Return all lines below containing the word "ezdxf".

Material for this task section start

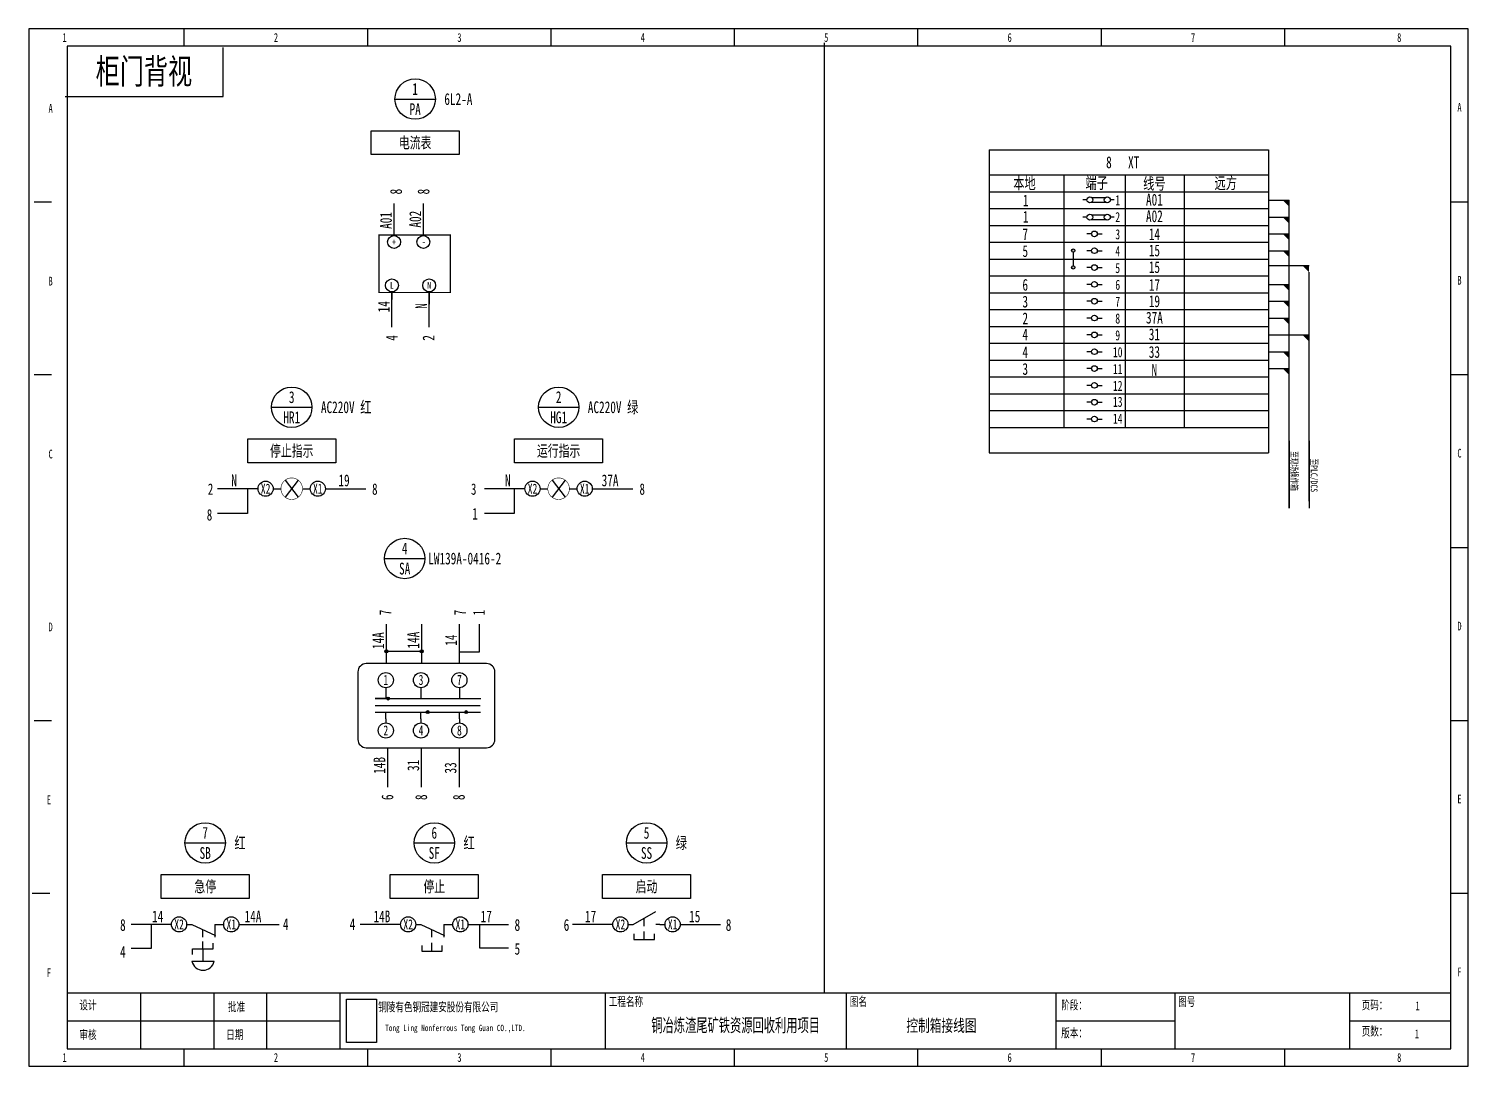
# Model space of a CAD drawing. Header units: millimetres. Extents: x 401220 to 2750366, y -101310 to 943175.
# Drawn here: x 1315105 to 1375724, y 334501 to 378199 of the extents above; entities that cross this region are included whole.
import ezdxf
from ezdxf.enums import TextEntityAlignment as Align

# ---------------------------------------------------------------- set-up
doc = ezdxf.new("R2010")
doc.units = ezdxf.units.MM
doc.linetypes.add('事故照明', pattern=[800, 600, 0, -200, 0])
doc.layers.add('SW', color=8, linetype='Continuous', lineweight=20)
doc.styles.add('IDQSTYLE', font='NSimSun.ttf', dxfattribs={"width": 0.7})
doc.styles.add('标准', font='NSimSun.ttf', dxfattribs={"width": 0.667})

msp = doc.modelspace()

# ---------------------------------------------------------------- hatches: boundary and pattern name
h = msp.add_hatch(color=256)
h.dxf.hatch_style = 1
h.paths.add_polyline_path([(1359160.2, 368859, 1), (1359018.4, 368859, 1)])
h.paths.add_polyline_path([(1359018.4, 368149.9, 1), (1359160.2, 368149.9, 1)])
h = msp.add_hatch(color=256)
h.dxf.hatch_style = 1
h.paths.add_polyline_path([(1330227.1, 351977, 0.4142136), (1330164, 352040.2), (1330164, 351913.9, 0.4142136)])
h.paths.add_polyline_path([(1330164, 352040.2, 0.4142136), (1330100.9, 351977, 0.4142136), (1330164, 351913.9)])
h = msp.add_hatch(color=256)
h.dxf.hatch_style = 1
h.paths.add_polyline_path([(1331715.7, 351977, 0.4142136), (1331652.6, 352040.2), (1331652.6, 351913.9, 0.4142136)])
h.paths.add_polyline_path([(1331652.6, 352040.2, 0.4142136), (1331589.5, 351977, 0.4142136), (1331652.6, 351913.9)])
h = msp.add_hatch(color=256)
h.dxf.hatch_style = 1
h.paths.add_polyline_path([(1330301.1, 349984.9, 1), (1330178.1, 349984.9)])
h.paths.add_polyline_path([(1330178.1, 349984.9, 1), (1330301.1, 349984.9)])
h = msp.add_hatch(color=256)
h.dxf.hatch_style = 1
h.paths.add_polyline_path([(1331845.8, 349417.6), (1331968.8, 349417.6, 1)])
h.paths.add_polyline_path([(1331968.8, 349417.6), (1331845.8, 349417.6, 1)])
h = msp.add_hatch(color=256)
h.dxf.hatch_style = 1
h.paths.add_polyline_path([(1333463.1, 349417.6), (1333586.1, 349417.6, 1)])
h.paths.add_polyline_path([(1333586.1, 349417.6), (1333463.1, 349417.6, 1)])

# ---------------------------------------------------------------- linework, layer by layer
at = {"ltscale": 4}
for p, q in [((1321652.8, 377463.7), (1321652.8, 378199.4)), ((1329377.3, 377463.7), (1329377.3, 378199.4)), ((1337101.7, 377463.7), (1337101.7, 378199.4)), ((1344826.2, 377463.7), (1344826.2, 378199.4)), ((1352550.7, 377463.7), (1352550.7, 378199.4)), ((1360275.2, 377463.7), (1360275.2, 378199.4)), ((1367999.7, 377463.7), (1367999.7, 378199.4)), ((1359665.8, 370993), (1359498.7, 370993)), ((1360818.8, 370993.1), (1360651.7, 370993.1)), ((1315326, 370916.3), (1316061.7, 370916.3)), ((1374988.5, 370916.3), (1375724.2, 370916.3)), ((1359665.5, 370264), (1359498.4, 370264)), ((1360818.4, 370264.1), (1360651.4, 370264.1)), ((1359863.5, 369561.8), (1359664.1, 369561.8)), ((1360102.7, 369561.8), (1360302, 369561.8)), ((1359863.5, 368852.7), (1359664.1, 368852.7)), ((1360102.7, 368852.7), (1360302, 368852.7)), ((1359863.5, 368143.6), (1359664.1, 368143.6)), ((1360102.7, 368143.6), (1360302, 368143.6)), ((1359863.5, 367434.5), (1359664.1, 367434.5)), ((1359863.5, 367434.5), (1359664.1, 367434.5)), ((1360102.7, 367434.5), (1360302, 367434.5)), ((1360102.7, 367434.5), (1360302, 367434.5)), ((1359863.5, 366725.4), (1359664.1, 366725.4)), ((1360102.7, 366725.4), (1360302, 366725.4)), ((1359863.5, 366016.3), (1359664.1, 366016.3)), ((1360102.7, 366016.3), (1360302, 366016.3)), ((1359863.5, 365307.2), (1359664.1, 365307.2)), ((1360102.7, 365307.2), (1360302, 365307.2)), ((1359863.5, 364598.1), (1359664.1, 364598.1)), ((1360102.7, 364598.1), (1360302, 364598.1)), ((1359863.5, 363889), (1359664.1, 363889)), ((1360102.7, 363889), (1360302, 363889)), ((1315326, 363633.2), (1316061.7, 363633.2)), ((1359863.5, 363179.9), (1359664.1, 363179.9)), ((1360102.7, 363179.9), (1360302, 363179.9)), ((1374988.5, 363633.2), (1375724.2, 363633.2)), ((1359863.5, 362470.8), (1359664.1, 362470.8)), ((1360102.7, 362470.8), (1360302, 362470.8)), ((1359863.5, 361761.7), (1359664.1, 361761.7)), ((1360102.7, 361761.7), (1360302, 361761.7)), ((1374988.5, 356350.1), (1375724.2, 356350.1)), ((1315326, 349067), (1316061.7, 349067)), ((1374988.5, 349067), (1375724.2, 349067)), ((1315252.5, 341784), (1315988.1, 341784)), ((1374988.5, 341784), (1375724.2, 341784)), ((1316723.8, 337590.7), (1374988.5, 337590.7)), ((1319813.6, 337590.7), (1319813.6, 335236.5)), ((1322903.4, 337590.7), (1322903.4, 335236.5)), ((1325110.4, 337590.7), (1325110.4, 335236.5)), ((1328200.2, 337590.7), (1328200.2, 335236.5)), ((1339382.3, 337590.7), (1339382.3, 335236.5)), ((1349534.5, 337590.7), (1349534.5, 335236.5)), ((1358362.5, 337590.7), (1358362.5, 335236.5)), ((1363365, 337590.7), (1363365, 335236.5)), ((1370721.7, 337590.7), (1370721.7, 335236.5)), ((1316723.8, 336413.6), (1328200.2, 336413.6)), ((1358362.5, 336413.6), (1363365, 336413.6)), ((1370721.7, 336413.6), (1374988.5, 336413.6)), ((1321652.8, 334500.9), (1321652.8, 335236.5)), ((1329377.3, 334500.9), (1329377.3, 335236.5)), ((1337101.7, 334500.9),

Material for this task section end

**Written reply**
import ezdxf
from ezdxf.enums import TextEntityAlignment as Align
doc = ezdxf.new("R2010")
doc.units = ezdxf.units.MM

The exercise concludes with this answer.